From the age of fifty until her death thirty years later, Trollope published thirty-five novels
and six travel books, enabling her to support her family through her writing
(Neville-Sington, Oxford
Dictionary). Travel writing had proved a popular and profitable form;
Captain Basil Hall’s
Travels In North America had created a feeling of
ill-feeling towards America, fostering a
hungry market anticipating the next anti-American literature (Farewell). Unfortunately, debt quickly
swallowed the vast majority of Trollope’s earnings. In the decade following the publication of
Domestic Manners, the Trollopes
moved from place to place in an effort to escape the debt that continued to
plague the family. Although under the threat of debtor’s prison, Trollope maintained her amicability
and pursued her love of hosting parties and having polite but intellectually
stimulating conversations. Her guest list grew to include Joseph Henry
Green (Samuel Taylor Coleridge’s literary executor),
as well as Reverend R.W. Thackeray (William
Thackeray’s relative) and his family
(Neville-Sington, Fanny Trollope,
253). Trollope often worked on
multiple books at once, and continued to write through the deaths of her son
Henry, her husband, and her daughter Emily
between 1834 and
1836. Even in
the midst of such heartbreak, her literary works “never bore the shadow of
her circumstances. They were as bright at the first as when, later,
circumstances brightened” (Glasgow Herald).
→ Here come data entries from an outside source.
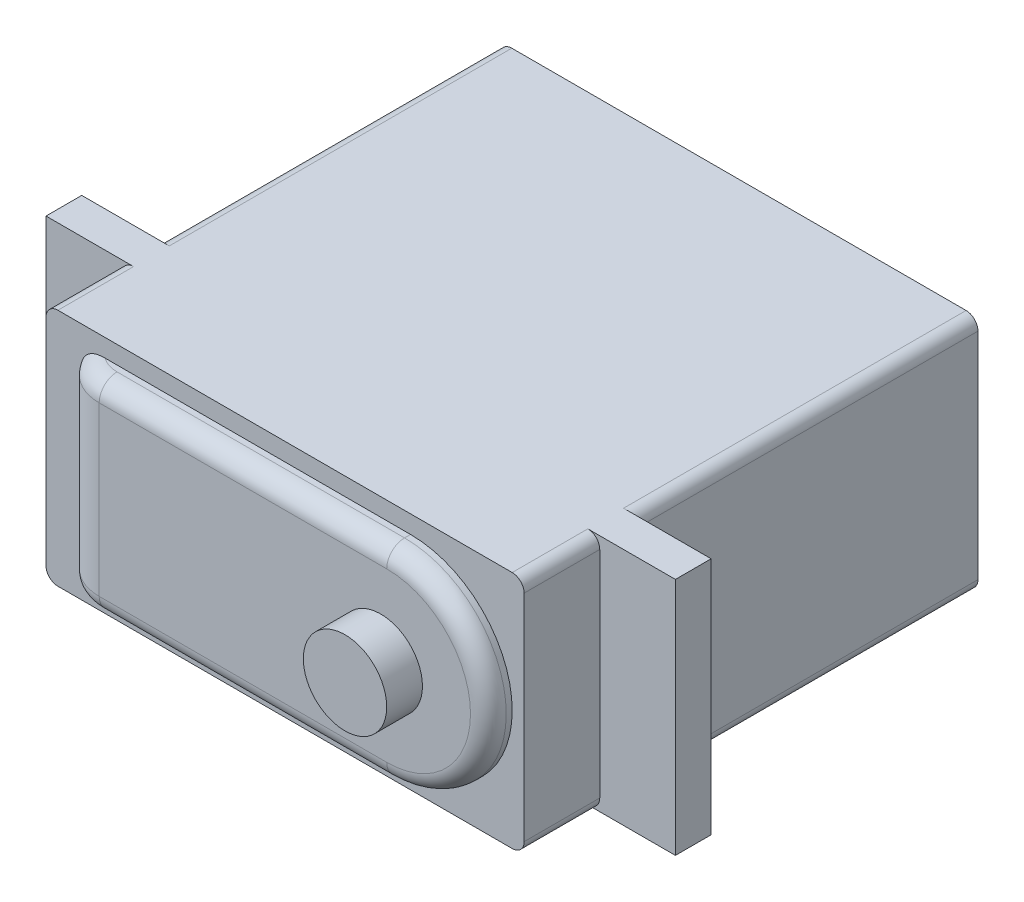
ISO-10303-21;
HEADER;
FILE_DESCRIPTION(('STEP AP214'),'2;1');
FILE_NAME('part.step','',(''),(''),'','','');
FILE_SCHEMA(('AUTOMOTIVE_DESIGN { 1 0 10303 214 1 1 1 1 }'));
ENDSEC;
DATA;
#1=APPLICATION_CONTEXT('core data for automotive mechanical design processes');
#2=APPLICATION_PROTOCOL_DEFINITION('international standard','automotive_design',2000,#1);
#3=PRODUCT_CONTEXT('',#1,'mechanical');
#4=PRODUCT('Part','Part','',(#3));
#5=PRODUCT_RELATED_PRODUCT_CATEGORY('part','',(#4));
#6=PRODUCT_DEFINITION_FORMATION('','',#4);
#7=PRODUCT_DEFINITION_CONTEXT('part definition',#1,'design');
#8=PRODUCT_DEFINITION('design','',#6,#7);
#9=PRODUCT_DEFINITION_SHAPE('','',#8);
#10=(LENGTH_UNIT() NAMED_UNIT(*) SI_UNIT(.MILLI.,.METRE.));
#11=(NAMED_UNIT(*) PLANE_ANGLE_UNIT() SI_UNIT($,.RADIAN.));
#12=(NAMED_UNIT(*) SI_UNIT($,.STERADIAN.) SOLID_ANGLE_UNIT());
#13=UNCERTAINTY_MEASURE_WITH_UNIT(LENGTH_MEASURE(1.E-05),#10,'distance_accuracy_value','');
#14=(GEOMETRIC_REPRESENTATION_CONTEXT(3) GLOBAL_UNCERTAINTY_ASSIGNED_CONTEXT((#13)) GLOBAL_UNIT_ASSIGNED_CONTEXT((#10,
#11,#12)) REPRESENTATION_CONTEXT('',''));
#15=CARTESIAN_POINT('',(0.,0.,0.));
#16=DIRECTION('',(0.,0.,1.));
#17=DIRECTION('',(1.,0.,0.));
#18=AXIS2_PLACEMENT_3D('',#15,#16,#17);
#19=CARTESIAN_POINT('',(0.,0.,38.1));
#20=DIRECTION('',(0.,0.,1.));
#21=DIRECTION('',(1.,0.,0.));
#22=AXIS2_PLACEMENT_3D('',#19,#20,#21);
#23=PLANE('',#22);
#24=DIRECTION('',(0.,1.,0.));
#25=VECTOR('',#24,1.);
#26=CARTESIAN_POINT('',(20.066,10.033,38.1));
#27=LINE('',#26,#25);
#28=CARTESIAN_POINT('',(20.066,-9.03299999999999,38.1));
#29=VERTEX_POINT('',#28);
#30=CARTESIAN_POINT('',(20.066,9.033,38.1));
#31=VERTEX_POINT('',#30);
#32=EDGE_CURVE('E297',#29,#31,#27,.T.);
#33=ORIENTED_EDGE('',*,*,#32,.T.);
#34=CARTESIAN_POINT('',(19.066,9.033,38.1));
#35=DIRECTION('',(0.,0.,1.));
#36=DIRECTION('',(1.,0.,0.));
#37=AXIS2_PLACEMENT_3D('',#34,#35,#36);
#38=CIRCLE('',#37,1.);
#39=CARTESIAN_POINT('',(19.066,10.033,38.1));
#40=VERTEX_POINT('',#39);
#41=EDGE_CURVE('E460',#31,#40,#38,.T.);
#42=ORIENTED_EDGE('',*,*,#41,.T.);
#43=DIRECTION('',(-1.,0.,0.));
#44=VECTOR('',#43,1.);
#45=CARTESIAN_POINT('',(-20.066,10.033,38.1));
#46=LINE('',#45,#44);
#47=CARTESIAN_POINT('',(-19.066,10.033,38.1));
#48=VERTEX_POINT('',#47);
#49=EDGE_CURVE('E300',#40,#48,#46,.T.);
#50=ORIENTED_EDGE('',*,*,#49,.T.);
#51=CARTESIAN_POINT('',(-19.066,9.033,38.1));
#52=DIRECTION('',(0.,0.,1.));
#53=DIRECTION('',(1.,0.,0.));
#54=AXIS2_PLACEMENT_3D('',#51,#52,#53);
#55=CIRCLE('',#54,1.);
#56=CARTESIAN_POINT('',(-20.066,9.033,38.1));
#57=VERTEX_POINT('',#56);
#58=EDGE_CURVE('E458',#48,#57,#55,.T.);
#59=ORIENTED_EDGE('',*,*,#58,.T.);
#60=DIRECTION('',(0.,-1.,0.));
#61=VECTOR('',#60,1.);
#62=CARTESIAN_POINT('',(-20.066,10.033,38.1));
#63=LINE('',#62,#61);
#64=CARTESIAN_POINT('',(-20.066,-9.033,38.1));
#65=VERTEX_POINT('',#64);
#66=EDGE_CURVE('E304',#57,#65,#63,.T.);
#67=ORIENTED_EDGE('',*,*,#66,.T.);
#68=CARTESIAN_POINT('',(-19.066,-9.033,38.1));
#69=DIRECTION('',(0.,0.,1.));
#70=DIRECTION('',(1.,0.,0.));
#71=AXIS2_PLACEMENT_3D('',#68,#69,#70);
#72=CIRCLE('',#71,1.);
#73=CARTESIAN_POINT('',(-19.066,-10.033,38.1));
#74=VERTEX_POINT('',#73);
#75=EDGE_CURVE('E454',#65,#74,#72,.T.);
#76=ORIENTED_EDGE('',*,*,#75,.T.);
#77=DIRECTION('',(1.,0.,0.));
#78=VECTOR('',#77,1.);
#79=CARTESIAN_POINT('',(-20.066,-10.033,38.1));
#80=LINE('',#79,#78);
#81=CARTESIAN_POINT('',(19.066,-10.033,38.1));
#82=VERTEX_POINT('',#81);
#83=EDGE_CURVE('E307',#74,#82,#80,.T.);
#84=ORIENTED_EDGE('',*,*,#83,.T.);
#85=CARTESIAN_POINT('',(19.066,-9.03299999999999,38.1));
#86=DIRECTION('',(0.,0.,1.));
#87=DIRECTION('',(1.,0.,0.));
#88=AXIS2_PLACEMENT_3D('',#85,#86,#87);
#89=CIRCLE('',#88,1.);
#90=EDGE_CURVE('E456',#82,#29,#89,.T.);
#91=ORIENTED_EDGE('',*,*,#90,.T.);
#92=EDGE_LOOP('',(#33,#42,#50,#59,#67,#76,#84,#91));
#93=FACE_BOUND('',#92,.T.);
#94=DIRECTION('',(1.,0.,0.));
#95=VECTOR('',#94,1.);
#96=CARTESIAN_POINT('',(-17.066,-8.533,38.1));
#97=LINE('',#96,#95);
#98=CARTESIAN_POINT('',(-15.1018983848623,-8.533,38.1));
#99=VERTEX_POINT('',#98);
#100=CARTESIAN_POINT('',(10.533,-8.533,38.1));
#101=VERTEX_POINT('',#100);
#102=EDGE_CURVE('E233',#99,#101,#97,.T.);
#103=ORIENTED_EDGE('',*,*,#102,.F.);
#104=CARTESIAN_POINT('',(-15.1018983848623,-8.533,38.1));
#105=CARTESIAN_POINT('',(-15.1861928300058,-8.53303049348242,38.1));
#106=CARTESIAN_POINT('',(-15.2706152750848,-8.53044021391061,38.1));
#107=CARTESIAN_POINT('',(-15.4394485442143,-8.51852978729891,38.1));
#108=CARTESIAN_POINT('',(-15.5238565519978,-8.50917131507559,38.1));
#109=CARTESIAN_POINT('',(-15.6923665934414,-8.48204894050768,38.1));
#110=CARTESIAN_POINT('',(-15.7764542345098,-8.46419067214507,38.1));
#111=CARTESIAN_POINT('',(-15.9418119669954,-8.41885763557327,38.1));
#112=CARTESIAN_POINT('',(-16.0230887290638,-8.39140763843768,38.1));
#113=CARTESIAN_POINT('',(-16.1870195429121,-8.32363201190132,38.1));
#114=CARTESIAN_POINT('',(-16.2693581236052,-8.28252747099281,38.1));
#115=CARTESIAN_POINT('',(-16.4261874404223,-8.18791315868087,38.1));
#116=CARTESIAN_POINT('',(-16.5007099454931,-8.13445667863754,38.1));
#117=CARTESIAN_POINT('',(-16.6399821154947,-8.0148323562304,38.1));
#118=CARTESIAN_POINT('',(-16.7046419811275,-7.94855889258086,38.1));
#119=CARTESIAN_POINT('',(-16.8203441892176,-7.80482583940034,38.1));
#120=CARTESIAN_POINT('',(-16.8713749954642,-7.72735685843943,38.1));
#121=CARTESIAN_POINT('',(-16.9523285101543,-7.57248285425902,38.1));
#122=CARTESIAN_POINT('',(-16.9839184483545,-7.49594652175267,38.1));
#123=CARTESIAN_POINT('',(-17.0322873251939,-7.33842702834449,38.1));
#124=CARTESIAN_POINT('',(-17.0491034277141,-7.25745557293459,38.1));
#125=CARTESIAN_POINT('',(-17.0607576085038,-7.15204282013826,38.1));
#126=CARTESIAN_POINT('',(-17.0627238777869,-7.12825842019382,38.1));
#127=CARTESIAN_POINT('',(-17.0653430653476,-7.08065317082717,38.1));
#128=CARTESIAN_POINT('',(-17.0659979500237,-7.05683242965972,38.1));
#129=CARTESIAN_POINT('',(-17.0660000000003,-7.03300000000003,38.1));
#130=B_SPLINE_CURVE_WITH_KNOTS('',3,(#104,#105,#106,#107,#108,#109,#110,#111,#112,#113,#114,
#115,#116,#117,#118,#119,#120,#121,#122,#123,#124,#125,#126,#127,#128,#129),.UNSPECIFIED.,.F.,
.F.,(4,2,2,2,2,2,2,2,2,2,2,2,4),(0.,0.253036054676526,0.507516269003883,0.764890113214672,
1.02160413132402,1.2966340701809,1.57049886929465,1.84672487994705,2.12318396420879,
2.3702535276615,2.61669978830203,2.68827214822505,2.75973710602753),.UNSPECIFIED.);
#131=CARTESIAN_POINT('',(-17.066,-7.033,38.1));
#132=VERTEX_POINT('',#131);
#133=EDGE_CURVE('E341',#99,#132,#130,.T.);
#134=ORIENTED_EDGE('',*,*,#133,.T.);
#135=DIRECTION('',(0.,-1.,0.));
#136=VECTOR('',#135,1.);
#137=CARTESIAN_POINT('',(-17.066,8.533,38.1));
#138=LINE('',#137,#136);
#139=CARTESIAN_POINT('',(-17.066,7.033,38.1));
#140=VERTEX_POINT('',#139);
#141=EDGE_CURVE('E238',#140,#132,#138,.T.);
#142=ORIENTED_EDGE('',*,*,#141,.F.);
#143=CARTESIAN_POINT('',(-17.066,7.033,38.1));
#144=CARTESIAN_POINT('',(-17.0660014445438,7.0706495800666,38.1));
#145=CARTESIAN_POINT('',(-17.0643620310347,7.10828005562255,38.1));
#146=CARTESIAN_POINT('',(-17.0578336457456,7.18324969632347,38.1));
#147=CARTESIAN_POINT('',(-17.0529454036838,7.22058892498031,38.1));
#148=CARTESIAN_POINT('',(-17.0335104923335,7.33149635839915,38.1));
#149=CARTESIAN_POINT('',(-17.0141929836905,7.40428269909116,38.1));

Self-disciplined as always, she managed to maintain her writing schedule. As
she continued to travel, she wrote of her experiences on the European continent and of the affluent
people she met. Her son the successful novelist Anthony
commented in An Autobiography that “she was at her
table at four in the morning, and had finished her work before the world had
begun to be aroused.” She lived close to her daughter Cecilia
until Cecilia married in 1841, and in 1843
Trollope fulfilled her dream of
visiting Italy and moved to Florence permanently. In Florence she continued her role of hosting dinner
parties and attracted such literary elites as Elizabeth Barrett
and Robert Browning. In 1844, Charles Dickens arrived
for his first tour of Italy.
Tom became friends with the thirty-three-year-old
Dickens, to whom Fanny also appeared partial. Trollope was fond of including allusions to
Dickens’s works within her own novels, showing admiration
and respect for her fellow author (Neville-Sington, Fanny Trollope, 315). During this time, in
1849, she lost
Cecilia to tuberculosis, the same cause of death as for her
other family members. Remaining in Florence, Fanny shared the Villino Trollope with her
son Anthony and his wife from 1850 on. Her health steadily deteriorated
and she died peacefully in bed on October 6, 1863
(Neville-Sington, Oxford
Dictionary.
Works Cited:
Farewell, Jeanne. "Mrs.
Trollope’s Vituperative View of Americans.” The Victorian Web. 1 April 2008. 15
November 2008.
http://www.victorianweb.org/authors/francestrollope/farewell1.html.
“Frances Trollope Image.” 15
November 2008.
http://upload.wikimedia.org/wikipedia/commons/thumb/c/c1/Frances_Trollope.jpg/180px-Frances_Trollope.jpg.
“The Late Mrs. Trollope.” Glasgow Herald 13 Oct. 1863,
Issue 7413. Nineteenth Century British Library Newspapers. 14 Nov.
2008.
Neville-Sington, Pamela. Fanny Trollope: The Life and Adventures of a Clever Woman. New York; Penguin Putnam Inc., 1997.
———”Trollope, Frances
(1779–1863).” Oxford Dictionary of National
Biography. Ed. H. C. G. Matthew and Brian
Harrison. Oxford: OUP, 2004. Online ed. Ed. Lawrence
Goldman. May
2008. 14 Nov. 2008
http://www.oxforddnb.com/view/article/27751
Pope-Hennessy, Una. Three English Women in America.
London: E. Benn Limited, 1929.
Trollope, Frances Eleanor. Frances Trollope: Her Life and Literary Work from George
III to Victoria. New
York: AMS Press, 1975. Orig. printed London: Bentley and Son, 1895.